There should be no doubt that language is older than humanity. What we need to understand is how much older language is, and what we really want to know is when humans began developing language in a way that differed from the languages of other creatures, especially other hominids.

2 thoughts on “Language May Be Older Than Humanity

  1. So Doc Atkinson is trying to discover Babel? 😉

    Okay, we know animals communicate audibly & by other means, with the same species & across species. Anybody who’s been menaced by a territorial dog knows that.

    I recently finished Jared Diamond’s _Guns, Germs, and Steel_. He says archaeology indicates roughly 50,000 yrs ago technology and art seems to have suddenly improved noticeably for most “modern” human populations. He termed it “the Great Leap Forward,” and speculated (or quoted his sources doing so) an improvement of some sort in human language, which makes communication of abstract thoughts easier, might be the reason.

    Reminds me of of an Andamanese lady who passed a while back, last survivor of a truly ancient culture. The origins of her “Bo” tongue that dies with her are thought to be some 14,000 yrs older than Diamond’s “Great Leap Forward!”

    Animals esp less intelligent ones generally learn their “languages” by instinct. These communications are hardwired into them rather than learned.

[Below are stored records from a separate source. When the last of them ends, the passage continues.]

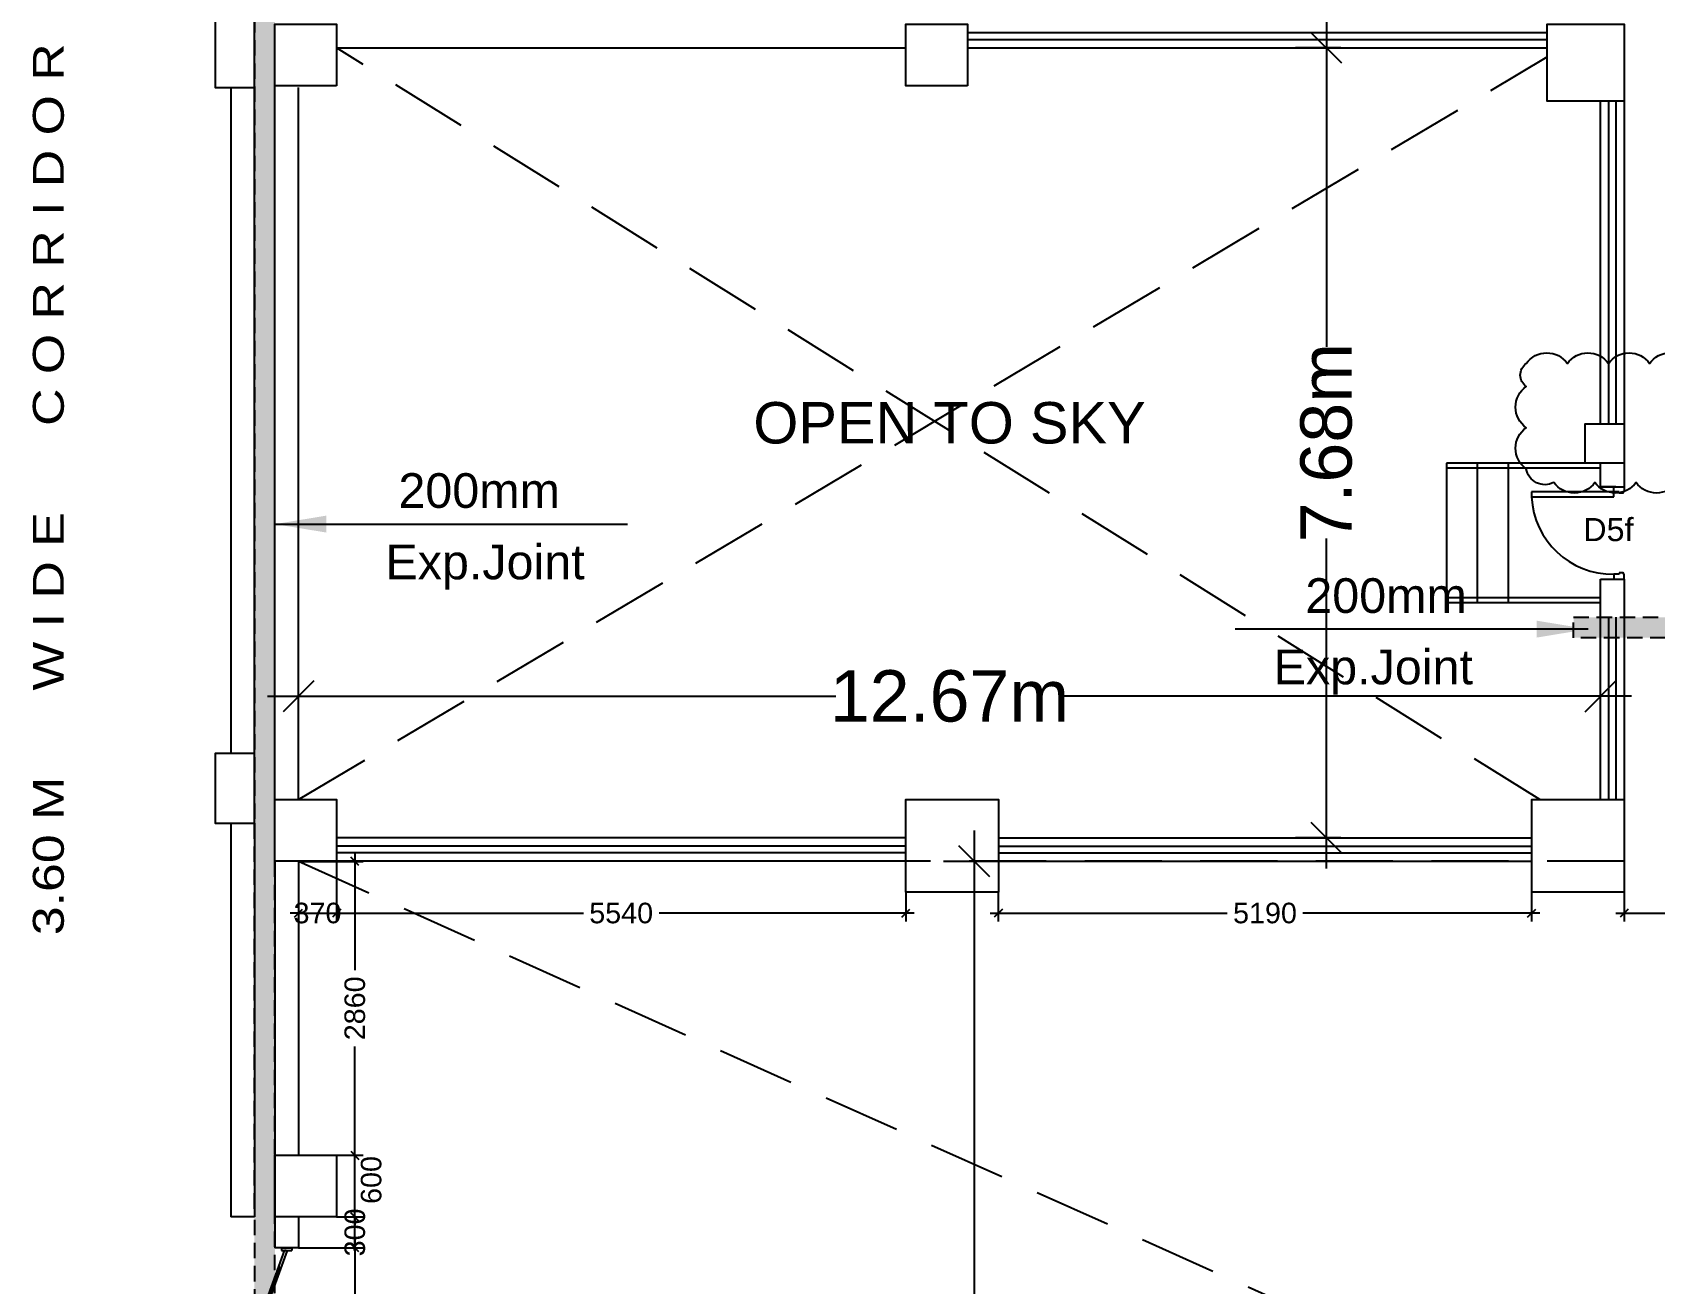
# Model space of a CAD drawing. Extents: x 6345096 to 6738923, y -6490958 to -6305885.
# Drawn here: x 6574630 to 6590415, y -6445057 to -6432885 of the extents above; entities that cross this region are included whole.
import ezdxf
from ezdxf.enums import TextEntityAlignment as Align

# ---------------------------------------------------------------- set-up
doc = ezdxf.new("R2010")
doc.units = 0
doc.header["$LTSCALE"] = 600
doc.header["$MEASUREMENT"] = 0
doc.header["$PDMODE"] = 35
doc.linetypes.add('HIDDEN', pattern=[0.375, 0.25, -0.125])
doc.linetypes.add('HIDDEN2', pattern=[0.1875, 0.125, -0.0625])
doc.layers.get('0').update_dxf_attribs({"linetype": 'CONTINUOUS'})
doc.layers.get('Defpoints').update_dxf_attribs({"linetype": 'CONTINUOUS'})
for name, color, linetype in [('8', 8, 'CONTINUOUS'), ('C00-00-00', 7, 'CONTINUOUS'), ('DIMEN', 5, 'CONTINUOUS'), ('DOOR', 32, 'CONTINUOUS'), ('Duct', 8, 'CONTINUOUS'), ('Exp.Joint', 104, 'CONTINUOUS'), ('HS', 251, 'CONTINUOUS'), ('LA-column', 3, 'CONTINUOUS'), ('Railing', 21, 'CONTINUOUS'), ('Stairscase', 7, 'CONTINUOUS'), ('TEXT', 6, 'CONTINUOUS'), ('TXT', 6, 'CONTINUOUS'), ('Walls', 7, 'CONTINUOUS'), ('WIN', 151, 'CONTINUOUS'), ('Working Dim', 5, 'CONTINUOUS')]:
    doc.layers.add(name, color=color, linetype=linetype)
doc.styles.add('ari', font='arial.ttf')
doc.styles.add('ARIAL', font='arial.ttf')
doc.styles.add('ROMANS', font='romans.shx')
doc.styles.get("Standard").update_dxf_attribs({"font": 'romans.shx'})
doc.dimstyles.new('int. dim', dxfattribs={"dimtxt": 200, "dimasz": 80, "dimexe": 80, "dimexo": 0, "dimgap": 70, "dimtad": 0, "dimdec": 0, "dimzin": 12, "dimdsep": 46, "dimtxsty": 'ari', "dimblk": 'OBLIQUE', "dimcen": 2, "dimdle": 80, "dimclrd": 256, "dimclre": 256, "dimclrt": 6, "dimadec": 0, "dimazin": 0, "dimtfac": 1, "dimtdec": 0, "dimtix": 1, "dimtmove": 2, "dimatfit": 3, "dimfxl": 1, "dimtolj": 1, "dimtzin": 0, "dimlwd": -1, "dimlwe": -1, "dimarcsym": 0})
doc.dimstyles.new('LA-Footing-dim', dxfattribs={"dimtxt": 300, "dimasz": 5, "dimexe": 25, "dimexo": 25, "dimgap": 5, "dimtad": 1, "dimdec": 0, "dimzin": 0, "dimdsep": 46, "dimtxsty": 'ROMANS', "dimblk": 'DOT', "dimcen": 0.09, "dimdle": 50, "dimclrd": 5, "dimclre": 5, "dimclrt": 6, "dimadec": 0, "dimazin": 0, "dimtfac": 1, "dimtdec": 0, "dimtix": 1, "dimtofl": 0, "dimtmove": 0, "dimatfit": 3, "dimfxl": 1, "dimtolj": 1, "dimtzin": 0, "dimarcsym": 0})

I should think one would make a distinction between instinctive inborn communications, & true language allowing exchange of arbitrary communications & ideas. That I think is what the last paragraph meant.

    When and how was the transition made from instinctive beast-cries to tongues able to convey abstract ideas, fiction & art for art’s sake, & even lies?

  2. Spoken language is only one form of communication. Perhaps it would be best to think of it as a layer of communication that rests upon older layers of communication that have developed through countless ages.

    Social creatures cannot be social without communicating to each other in some meaningful way, even if that communication is only through pheromones and body language that suggest nothing more than “I found food” and “I survived a trip outside the hive”.